Tackling the mental health component of
children's health services was a logical next step for Benedum.
It joined forces with the New River Health Association, a
federally qualified health center in Scarbro, West Virginia,
that ran several of the school clinics. Meetings with New
River staff and officials of the state Bureau for Public Health,
the education department, and the department of psychiatry
at West Virginia University led to a Local Initiative application.
The proposed project would add on-site mental health counseling
at four schools, and establish a system of psychiatric consultation
at nine school-based health centers.
Craig Robinson, executive director of New
River, said the idea actually came from early work in setting
up the original school health centers. In surveys of parents,
students, and school faculty, the need for services that broadly
fell within the mental health realm kept showing up as a community
priority.
"I think the teachers and administrators
were observing behaviors in the classroom," Robinson says.
"They were hungry for additional tools to use rather than
just discipline. The parents wanted help with talking about
sex and drugs and alcohol.
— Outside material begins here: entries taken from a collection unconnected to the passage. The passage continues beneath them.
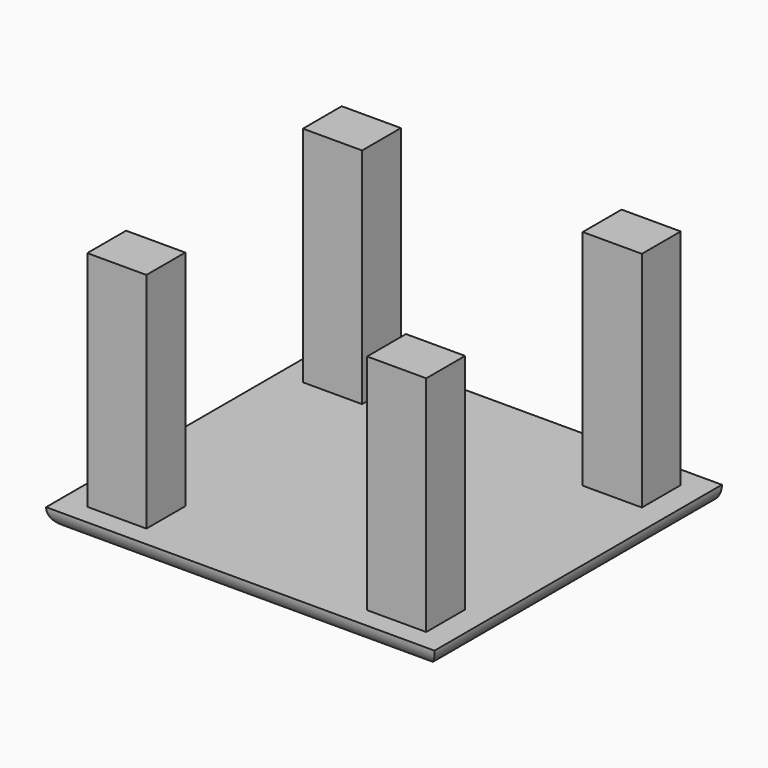
from build123d import *

# Parameters (mm, degrees)
F0_W     = 6.0909511521
F0_H     = 5
F0_H_2   = 2.6896382868
F0_H_3   = 2.3103617132
F1_DEPTH = 2
F2_DEPTH = 25
F4_R     = 1.99999
F5_R     = 6.305532295
F6_DEPTH = 76


# Not quite as in the source:
# - a fillet or chamfer is up to 0.001 mm smaller than in the source, because OpenCascade refuses the exact size
# - an extrude ends at something that could not be found from the text; its depth is read off the source's solid


with BuildPart() as f1:
    # F0 (on Top) → F1 (new body)
    with BuildSketch(Plane.XY):
        Polygon((-17.4544863403, 13.6900003999), (-20, 13.6900003999), (-20, -18.5), (20, -18.5), (20, 13.6900003999), (17.4544863403, 13.6900003999), (17.4544863403, 11.3796386868), (11.3635351881, 11.3796386868), (11.3635351881, 13.6900003999), (-11.3635351881, 13.6900003999), (-11.3635351881, 11.3796386868), (-17.4544863403, 11.3796386868), align=None)
        with Locations((-14.4090107642, -13.8796386868)):
            Rectangle(F0_W, F0_H, mode=Mode.SUBTRACT)
        with Locations((14.4090107642, -13.8796386868)):
            Rectangle(F0_W, F0_H, mode=Mode.SUBTRACT)
        Polygon((20, 18.5), (-20, 18.5), (-20, 13.6900003999), (-17.4544863403, 13.6900003999), (-17.4544863403, 16.3796386868), (-11.3635351881, 16.3796386868), (-11.3635351881, 13.6900003999), (11.3635351881, 13.6900003999), (11.3635351881, 16.3796386868), (17.4544863403, 16.3796386868), (17.4544863403, 13.6900003999), (20, 13.6900003999), align=None)
        with Locations((14.4090107642, -13.8796386868)):
            Rectangle(F0_W, F0_H)
        with Locations((-14.4090107642, -13.8796386868)):
            Rectangle(F0_W, F0_H)
        with Locations((-14.4090107642, 15.0348195434)):
            Rectangle(F0_W, F0_H_2)
        with Locations((14.4090107642, 15.0348195434)):
            Rectangle(F0_W, F0_H_2)
        with Locations((14.4090107642, 12.5348195434)):
            Rectangle(F0_W, F0_H_3)
        with Locations((-14.4090107642, 12.5348195434)):
            Rectangle(F0_W, F0_H_3)
    extrude(amount=F1_DEPTH)

    # F0 (on Top) → F2 (join)
    with BuildSketch(Plane.XY):
        with Locations((14.4090107642, -13.8796386868)):
            Rectangle(F0_W, F0_H)
        with Locations((14.4090107642, 12.5348195434)):
            Rectangle(F0_W, F0_H_3)
        with Locations((14.4090107642, 15.0348195434)):
            Rectangle(F0_W, F0_H_2)
        with Locations((-14.4090107642, 12.5348195434)):
            Rectangle(F0_W, F0_H_3)
        with Locations((-14.4090107642, 15.0348195434)):
            Rectangle(F0_W, F0_H_2)
        with Locations((-14.4090107642, -13.8796386868)):
            Rectangle(F0_W, F0_H)
    extrude(amount=F2_DEPTH)

    # F4 (radius 2 in the source; OpenCascade refuses exactly that, so slightly less here)
    f4_edges = [f1.edges().sort_by_distance(p)[0] for p in [
        (20, 0, 0),
        (-20, 0, 0),
        (0, -18.5, 0),
    ]]
    fillet(f4_edges, radius=F4_R)

    # F5 (on face) → F6 (cut, through all)
    with BuildSketch(Plane(origin=(0, 13.6900003999, 0), x_dir=(-1, 0, 0), z_dir=(0, 1, 0))):
        with Locations((0, -14.4779002294)):
            Circle(F5_R)
    extrude(amount=F6_DEPTH, mode=Mode.SUBTRACT)


solid = f1.part

The children identified relationships
and family issues. There was no question that mental health
was an unmet need of adolescents in the area."
At Collins Middle School, Vicki Lagos,
the guidance counselor, was an early advocate of having a
mental health counselor in the friendly setting of the already
established school clinic, known to the children and parents
as the Collins Wellness Center. She'd had nothing but trouble
trying to refer children to outside mental health agencies.
They were often far away, requiring a child to miss a day
of school and parents to miss work. Staff turnover was high,
fragmenting the care. Communication with the school was nonexistent.
"It was a disaster," Lagos recalls.
"I spent a lot of my time getting all of these agencies coordinated
with the school and trying to straighten out the paperwork.
They all had different forms." Moreover, if a child missed
school and others found out it was for a visit to a mental
health agency, he or she could be back at Collins with the
cruel label "psycho."
"Telephone, telegraph, and tell-the-other-fella--that's
how the communication goes in the towns around here," says
Collins' principal, David Perry. Parents as well as children
feared the stigma. But with a counselor in a room just off
the nurse's office, discretion is easier to maintain. If there
is any residual community discomfort, the program that draws
its funding from foundations in far off Princeton and Pittsburgh
and the state capital in Charleston can rely on it being handled
by the most local of Local Initiative's community partners:
Vicki Lagos and David Perry.
"We're both graduates
of Collins," Lagos points out. "My husband went here, too.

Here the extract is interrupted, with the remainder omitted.